Licenciement disciplinaire ou pour cause réelle et sérieuse : il ne faut pas confondre

Dans une lettre de licenciement pour cause réelle et sérieuse, un employeur met en avant le comportement odieux et agressif du salarié. Pour la Cour de cassation, le licenciement aurait du être prononcé pour des motifs disciplinaires et non pour une cause réelle et sérieuse non disciplinaire...

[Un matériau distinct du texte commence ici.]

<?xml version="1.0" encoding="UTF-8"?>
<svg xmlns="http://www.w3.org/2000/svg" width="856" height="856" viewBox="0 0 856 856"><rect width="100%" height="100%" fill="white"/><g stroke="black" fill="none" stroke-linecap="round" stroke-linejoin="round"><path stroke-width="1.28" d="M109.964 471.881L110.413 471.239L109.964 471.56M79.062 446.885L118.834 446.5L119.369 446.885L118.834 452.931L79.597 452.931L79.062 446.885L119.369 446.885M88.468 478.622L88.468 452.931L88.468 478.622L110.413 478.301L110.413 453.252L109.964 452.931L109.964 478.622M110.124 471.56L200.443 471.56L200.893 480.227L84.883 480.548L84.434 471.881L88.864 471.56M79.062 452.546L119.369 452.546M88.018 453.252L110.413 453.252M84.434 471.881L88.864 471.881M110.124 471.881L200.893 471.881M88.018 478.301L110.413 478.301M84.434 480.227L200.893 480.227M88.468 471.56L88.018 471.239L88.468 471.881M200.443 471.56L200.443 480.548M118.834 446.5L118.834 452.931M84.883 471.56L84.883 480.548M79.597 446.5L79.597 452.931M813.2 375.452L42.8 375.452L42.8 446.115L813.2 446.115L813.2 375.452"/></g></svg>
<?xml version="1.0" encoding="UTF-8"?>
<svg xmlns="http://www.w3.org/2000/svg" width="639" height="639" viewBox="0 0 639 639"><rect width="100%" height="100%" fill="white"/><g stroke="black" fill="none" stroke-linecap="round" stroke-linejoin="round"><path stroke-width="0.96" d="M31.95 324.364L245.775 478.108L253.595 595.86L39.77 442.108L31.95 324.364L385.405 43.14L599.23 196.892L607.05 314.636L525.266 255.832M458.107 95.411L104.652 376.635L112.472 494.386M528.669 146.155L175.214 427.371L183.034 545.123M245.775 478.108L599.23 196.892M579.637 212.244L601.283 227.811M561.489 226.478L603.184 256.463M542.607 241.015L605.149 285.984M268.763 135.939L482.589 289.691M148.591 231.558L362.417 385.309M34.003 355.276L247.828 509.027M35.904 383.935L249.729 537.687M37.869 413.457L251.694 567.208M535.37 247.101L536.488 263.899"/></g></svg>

Arrêt de la Cour de cassation, civile, Chambre sociale du 13 janvier 2016.
Pourvoi n° 14-20306.

« LA COUR DE CASSATION, CHAMBRE SOCIALE, a rendu l'arrêt suivant :


Sur le moyen unique :

Vu les articles L. 1232-1 et L. 1331-1 du code du travail ;

Attendu, selon l'arrêt attaqué, que M. X..., engagé le 28 septembre 2009 par la société Mutualia avenir prévoyance, devenue la société Mutualia Sud-Ouest, en qualité de commercial rattaché à l'agence de Blanquefort, a été licencié le 4 novembre 2011 avec dispense d'exécuter son préavis ;

Attendu que, pour dire le licenciement fondé sur une cause réelle et sérieuse sans caractère disciplinaire, l'arrêt retient que le libellé de la lettre de licenciement ne fait pas référence à des fautes du salarié, mais à son comportement au sein de l'agence et aux difficultés générées par ce comportement qui nuisait au bon climat du service et portait atteinte aux personnes et aux valeurs de l'entreprise et générait des désorganisations au niveau de l'agence et du service commercial, ce qui pouvait constituer une cause réelle et sérieuse non disciplinaire de licenciement ;

Qu'en statuant ainsi, alors que la lettre de licenciement faisait notamment état d'un comportement odieux et agressif du salarié, d'insultes et de menaces vis à vis d'une de ses collègues et de tentative de déstabilisation de sa part, ce dont il résultait que le licenciement avait été prononcé pour des motifs disciplinaires, la cour d'appel a violé les textes susvisés ;

PAR CES MOTIFS :

CASSE ET ANNULE, mais seulement en ce qu'il dit le licenciement de M. X... fondé sur une cause réelle et sérieuse et déboute le salarié de sa demande de dommages-intérêts, l'arrêt rendu le 7 mai 2014, entre les parties, par la cour d'appel de Bordeaux ; remet, en conséquence, sur ce point, la cause et les parties dans l'état où elles se trouvaient avant ledit arrêt et, pour être fait droit, les renvoie devant la cour d'appel de Toulouse ;

Condamne la société Mutualia Sud-Ouest aux dépens ;

Vu l'article 700 du code de procédure civile, rejette la demande de la société Mutualia Sud-Ouest et condamne celle-ci à payer à Me Balat la somme de 3 000 euros ;

Dit que sur les diligences du procureur général près la Cour de cassation, le présent arrêt sera transmis pour être transcrit en marge ou à la suite de l'arrêt partiellement cassé ;

Ainsi fait et jugé par la Cour de cassation, chambre sociale, et prononcé par le président en son audience publique du treize janvier deux mille seize. 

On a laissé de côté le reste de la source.